Le retour d’information audio est un autre moyen intéressant de donner un retour suffisant. En tant qu’enseignants, nous enregistrons le retour d’information et nous l’envoyons aux élèves sous forme de fichier audio, ce qui les encourage à l’écouter et à traiter activement les commentaires. Une alternative numérique possible est l’enregistrement d’un retour vidéo. Il s’agit de réaliser une vidéo dans laquelle nous commentons le travail de l’élève.



Contourner le caractère dogmatique de la rétroaction


Il existe de multiples façons de procéder à la rétroaction en fonction du contexte. 

Si différentes méthodes et approches peuvent être efficaces et efficientes pour aider les élèves à progresser, elles présentent également un inconvénient important. Il s’agit essentiellement d’un retour d’information technique de notre part, en tant qu’enseignant, vers l’élève.
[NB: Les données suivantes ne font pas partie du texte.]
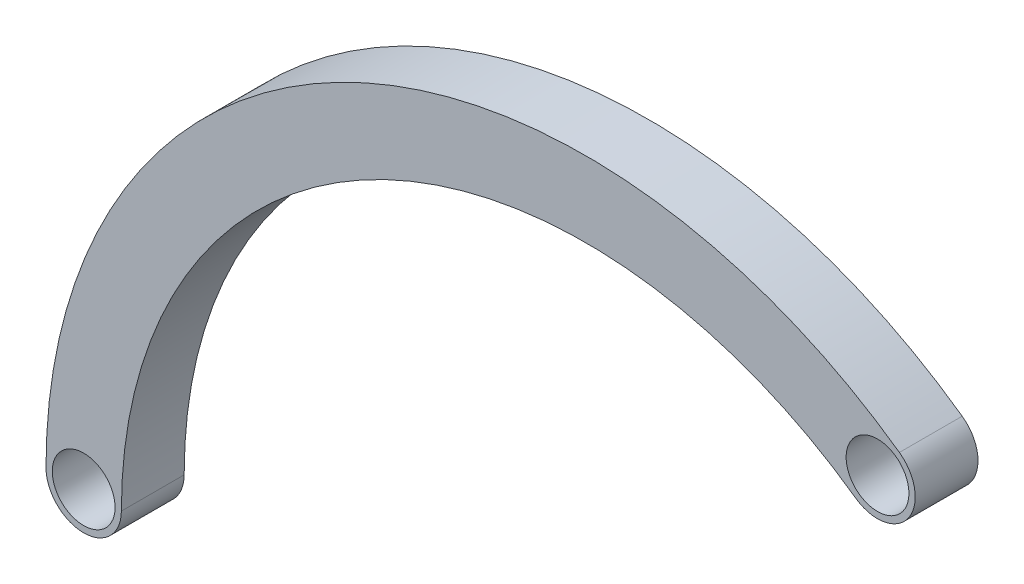
from build123d import *

# Parameters (mm, degrees)
SKETCH1_R           = 2.5
BOSS_EXTRUDE1_DEPTH = 5


with BuildPart() as part:
    # Sketch1 → Boss-Extrude1 (new body)
    with BuildSketch(Plane.XY):
        with BuildLine():
            ThreePointArc((64.950617284, 35.020946548), (20.300717566, 38.222222222), (-3, 0))
            ThreePointArc((-3, 0), (0, -3), (3, 0))
            ThreePointArc((3, 0), (23.04945465, 32.888888889), (61.469135802, 30.134302844))
            ThreePointArc((61.469135802, 30.134302844), (65.653198395, 30.836883955), (64.950617284, 35.020946548))
        make_face()
        Circle(SKETCH1_R, mode=Mode.SUBTRACT)
        with Locations((63.209876543, 32.577624696)):
            Circle(SKETCH1_R, mode=Mode.SUBTRACT)
    extrude(amount=BOSS_EXTRUDE1_DEPTH)


solid = part.part
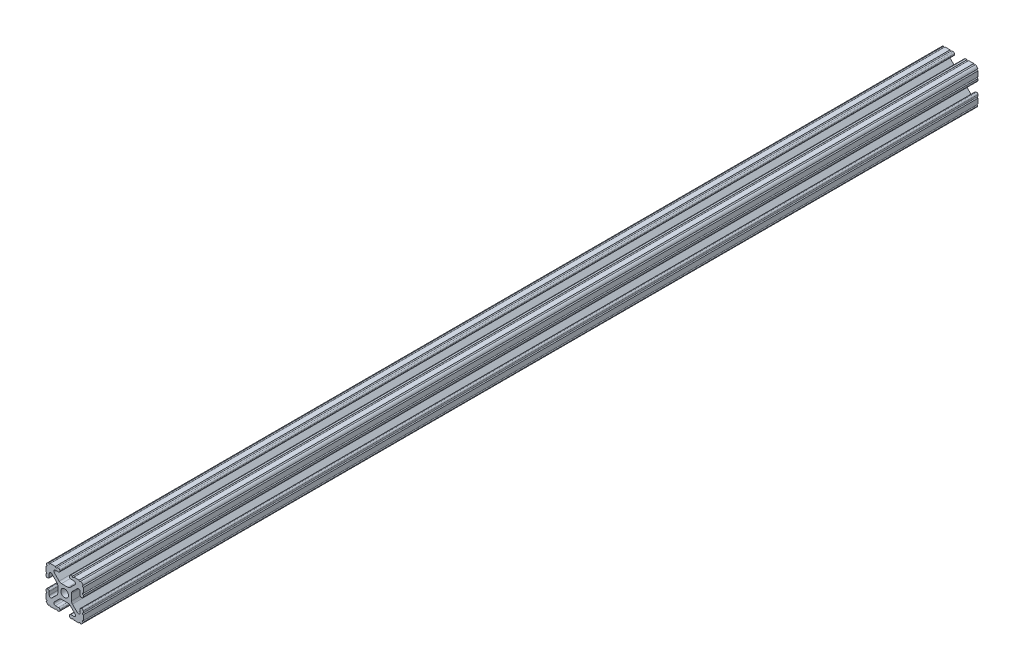
from build123d import *

# Parameters (mm, degrees)
BOSS_EXTRUDE1_DEPTH     = 304.8
CUT_EXTRUDE1_DEPTH      = 306.328708116
CUT_EXTRUDE1_DEPTH_BACK = 306.328708116
SKETCH5_R               = 0.55245
CUT_EXTRUDE2_DEPTH      = 31.496
CUT_EXTRUDE2_DEPTH_BACK = 71.628
SKETCH6_R               = 2.6035


with BuildPart() as part:
    # Sketch4 → Boss-Extrude1 (new, symmetric)
    with BuildSketch(Plane.XY):
        with BuildLine():
            Line((4.190365, -12.7), (10.11729625, -12.7))
            ThreePointArc((10.11729625, -12.7), (11.943543585, -11.943543585), (12.7, -10.11729625))
            Line((12.7, -10.11729625), (12.7, -4.190365))
            ThreePointArc((12.7, -4.190365), (12.42492494, -3.52627506), (11.760835, -3.2512))
            Line((11.760835, -3.2512), (11.429365, -3.2512))
            ThreePointArc((11.429365, -3.2512), (10.76527506, -3.52627506), (10.4902, -4.190365))
            Line((10.4902, -4.190365), (10.4902, -6.348478019))
            ThreePointArc((10.4902, -6.348478019), (9.830707141, -7.335478831), (8.666460301, -7.103895736))
            Line((8.666460301, -7.103895736), (5.299899128, -3.737334563))
            ThreePointArc((5.299899128, -3.737334563), (4.817571085, -3.015479634), (4.6482, -2.16399369))
            Line((4.6482, -2.16399369), (4.6482, 0))
            Line((4.6482, 0), (2.6035, 0))
            ThreePointArc((2.6035, 0), (1.840952505, -1.840952505), (0, -2.6035))
            Line((0, -2.6035), (0, -4.6482))
            Line((0, -4.6482), (2.16399369, -4.6482))
            ThreePointArc((2.16399369, -4.6482), (3.015479634, -4.817571085), (3.737334563, -5.299899128))
            Line((3.737334563, -5.299899128), (7.103895736, -8.666460301))
            ThreePointArc((7.103895736, -8.666460301), (7.335478831, -9.830707141), (6.348478019, -10.4902))
            Line((6.348478019, -10.4902), (4.190365, -10.4902))
            ThreePointArc((4.190365, -10.4902), (3.52627506, -10.76527506), (3.2512, -11.429365))
            Line((3.2512, -11.429365), (3.2512, -11.760835))
            ThreePointArc((3.2512, -11.760835), (3.52627506, -12.42492494), (4.190365, -12.7))
        make_face()
    extrude(amount=BOSS_EXTRUDE1_DEPTH, both=True)

    # Sketch5 → Cut-Extrude1 (cut, two sides: drawn at the far end of the back side and taken through both)
    with BuildSketch(Plane.XY.offset(-CUT_EXTRUDE1_DEPTH_BACK)):
        with Locations((10.356153152, -12.7)):
            Circle(SKETCH5_R)
        with Locations((5.796028019, -12.7)):
            Circle(SKETCH5_R)
        with Locations((12.7, -10.356153152)):
            Circle(SKETCH5_R)
        with Locations((12.7, -5.796028019)):
            Circle(SKETCH5_R)
    extrude(amount=CUT_EXTRUDE1_DEPTH + CUT_EXTRUDE1_DEPTH_BACK, mode=Mode.SUBTRACT)

    # Mirror1: part across plane


with BuildPart() as part_1:
    add(part.part)
    add(part.part.mirror(Plane(origin=(0, 0, 0), x_dir=(0, 0, 1), z_dir=(1, 0, 0))))

    # Mirror2: part across plane


with BuildPart() as part_2:
    add(part_1.part)
    add(part_1.part.mirror(Plane.ZX))

    # Sketch6 → Cut-Extrude2 (cut, two sides: drawn at the far end of the back side and taken through both)
    with BuildSketch(Plane(origin=(0, 4.6482, 0), x_dir=(1, 0, 0), z_dir=(0, 1, 0)).offset(-CUT_EXTRUDE2_DEPTH_BACK)):
        with Locations(Location((0, 127, 0), (0, 0, 33.779200511))):
            Circle(SKETCH6_R)
        with Locations(Location((0, 50.8, 0), (0, 0, 33.779200511))):
            Circle(SKETCH6_R)
        with Locations(Location((0, -279.4, 0), (0, 0, 33.779200511))):
            Circle(SKETCH6_R)
    extrude(amount=CUT_EXTRUDE2_DEPTH + CUT_EXTRUDE2_DEPTH_BACK, mode=Mode.SUBTRACT)


solid = part_2.part
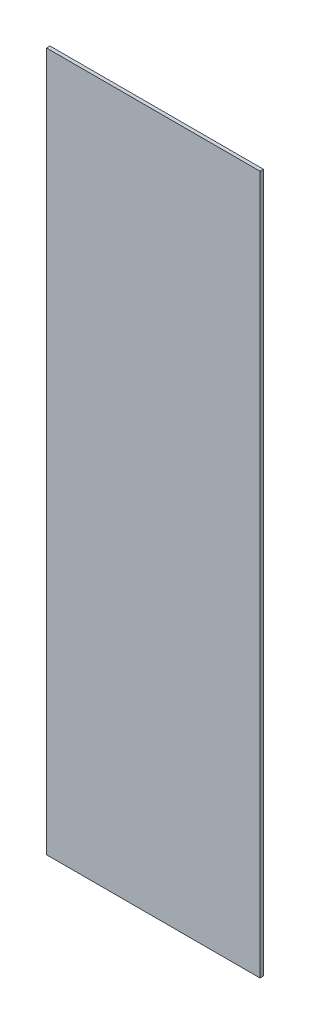
from build123d import *

# Parameters (mm, degrees)
SKETCH_1_W      = 124
SKETCH_1_H      = 406
EXTRUDE_1_DEPTH = 2


with BuildPart() as part:
    # 草图1 → 凸台-拉伸1 (new body)
    with BuildSketch(Plane.XY):
        Rectangle(SKETCH_1_W, SKETCH_1_H)
    extrude(amount=EXTRUDE_1_DEPTH)


solid = part.part
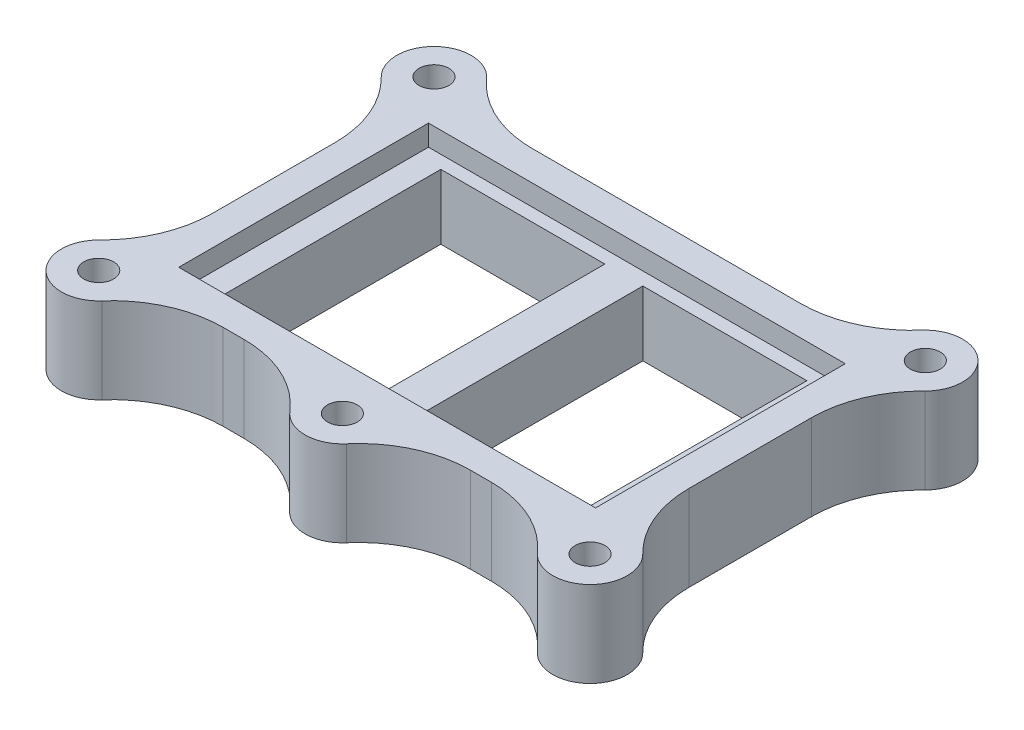
from build123d import *

# Parameters (mm, degrees)
SKETCH1_W           = 22
SKETCH1_H           = 30
BOSS_EXTRUDE1_DEPTH = 8.7
SKETCH2_W           = 63.9
SKETCH2_H           = 41.5
SKETCH2_W_2         = 55.9
SKETCH2_H_2         = 33.5
BOSS_EXTRUDE2_DEPTH = 11.5
SKETCH3_R           = 5
SKETCH3_R_2         = 2
BOSS_EXTRUDE3_DEPTH = 8.5
SKETCH4_R           = 5
BOSS_EXTRUDE4_DEPTH = 3
FILLET2_R           = 15


with BuildPart() as part:
    # Sketch1 → Boss-Extrude1 (new body)
    with BuildSketch(Plane(origin=(0, 0, 0), x_dir=(1, 0, 0), z_dir=(0, 1, 0))):
        Polygon((-26.45, -16.75), (26.45, -16.75), (27.95, -16.75), (27.95, 16.75), (26.45, 16.75), (-26.45, 16.75), (-27.95, 16.75), (-27.95, -16.75), align=None)
        with Locations((-13.55, 0)):
            Rectangle(SKETCH1_W, SKETCH1_H, mode=Mode.SUBTRACT)
        with Locations((13.55, 0)):
            Rectangle(SKETCH1_W, SKETCH1_H, mode=Mode.SUBTRACT)
    extrude(amount=BOSS_EXTRUDE1_DEPTH)

    # Sketch2 → Boss-Extrude2 (add)
    with BuildSketch(Plane.XZ):
        Rectangle(SKETCH2_W, SKETCH2_H)
        Rectangle(SKETCH2_W_2, SKETCH2_H_2, mode=Mode.SUBTRACT)
    extrude(amount=-BOSS_EXTRUDE2_DEPTH)

    # Sketch3 → Boss-Extrude3 (add)
    # profile 1 of 5: a face of its own
    with BuildSketch(Plane(origin=(0, 11.5, 0), x_dir=(1, 0, 0), z_dir=(0, 1, 0))):
        with Locations((-32.95, 22.482050808)):
            Circle(SKETCH3_R)
        with Locations(Location((-32.95, 22.482050808, 0), (0, 0, 270))):
            Circle(SKETCH3_R_2, mode=Mode.SUBTRACT)
    # profile 2 of 5: a face of its own
    with BuildSketch(Plane(origin=(0, 11.5, 0), x_dir=(1, 0, 0), z_dir=(0, 1, 0))):
        with Locations((-32.95, -22.482050808)):
            Circle(SKETCH3_R)
        with Locations(Location((-32.95, -22.482050808, 0), (0, 0, 270))):
            Circle(SKETCH3_R_2, mode=Mode.SUBTRACT)
    # profile 3 of 5: a face of its own
    with BuildSketch(Plane(origin=(0, 11.5, 0), x_dir=(1, 0, 0), z_dir=(0, 1, 0))):
        with Locations((32.95, -22.482050808)):
            Circle(SKETCH3_R)
        with Locations(Location((32.95, -22.482050808, 0), (0, 0, 270))):
            Circle(SKETCH3_R_2, mode=Mode.SUBTRACT)
    # profile 4 of 5: a face of its own
    with BuildSketch(Plane(origin=(0, 11.5, 0), x_dir=(1, 0, 0), z_dir=(0, 1, 0))):
        with Locations((32.95, 22.482050808)):
            Circle(SKETCH3_R)
        with Locations(Location((32.95, 22.482050808, 0), (0, 0, 270))):
            Circle(SKETCH3_R_2, mode=Mode.SUBTRACT)
    # profile 5 of 5: a face of its own
    with BuildSketch(Plane(origin=(0, 11.5, 0), x_dir=(1, 0, 0), z_dir=(0, 1, 0))):
        with Locations((0, -22.75)):
            Circle(SKETCH3_R)
        with Locations(Location((0, -22.75, 0), (0, 0, 270))):
            Circle(SKETCH3_R_2, mode=Mode.SUBTRACT)
    extrude(amount=-BOSS_EXTRUDE3_DEPTH)

    # Sketch4 → Boss-Extrude4 (add)
    with BuildSketch(Plane.XZ.offset(-3)):
        with Locations((-32.95, -22.482050808)):
            Circle(SKETCH4_R)
        with Locations((-32.95, 22.482050808)):
            Circle(SKETCH4_R)
        with Locations((0, 22.75)):
            Circle(SKETCH4_R)
        with Locations((32.95, 22.482050808)):
            Circle(SKETCH4_R)
        with Locations((32.95, -22.482050808)):
            Circle(SKETCH4_R)
    extrude(amount=BOSS_EXTRUDE4_DEPTH)

    # Fillet2
    fillet2_edges = [part.edges().sort_by_distance(p)[0] for p in [
        (28.25958424, 5.75, 20.75),
        (31.95, 5.75, 17.583071322),
        (31.95, 5.75, -17.583071322),
        (28.25958424, 5.75, -20.75),
        (4.582575695, 5.75, 20.75),
        (-4.582575695, 5.75, 20.75),
        (-28.25958424, 5.75, -20.75),
        (-31.95, 5.75, -17.583071322),
        (-28.25958424, 5.75, 20.75),
        (-31.95, 5.75, 17.583071322),
    ]]
    fillet(fillet2_edges, radius=FILLET2_R)


solid = part.part

Une première difficulté est liée aux émotions générées par le retour d’information. Recevoir une rétroaction libère également beaucoup d’émotions souvent négatives chez les élèves, liées à du stress ou de l’anxiété. Les élèves peuvent prendre le retour d’information pour eux ou l’interpréter avec des attributions erronées. Ils sont susceptibles de rejeter la rétroaction. Lorsque cela se produit, l’efficacité du retour d’information peut être sérieusement compromise. L’élève n’en fera rien.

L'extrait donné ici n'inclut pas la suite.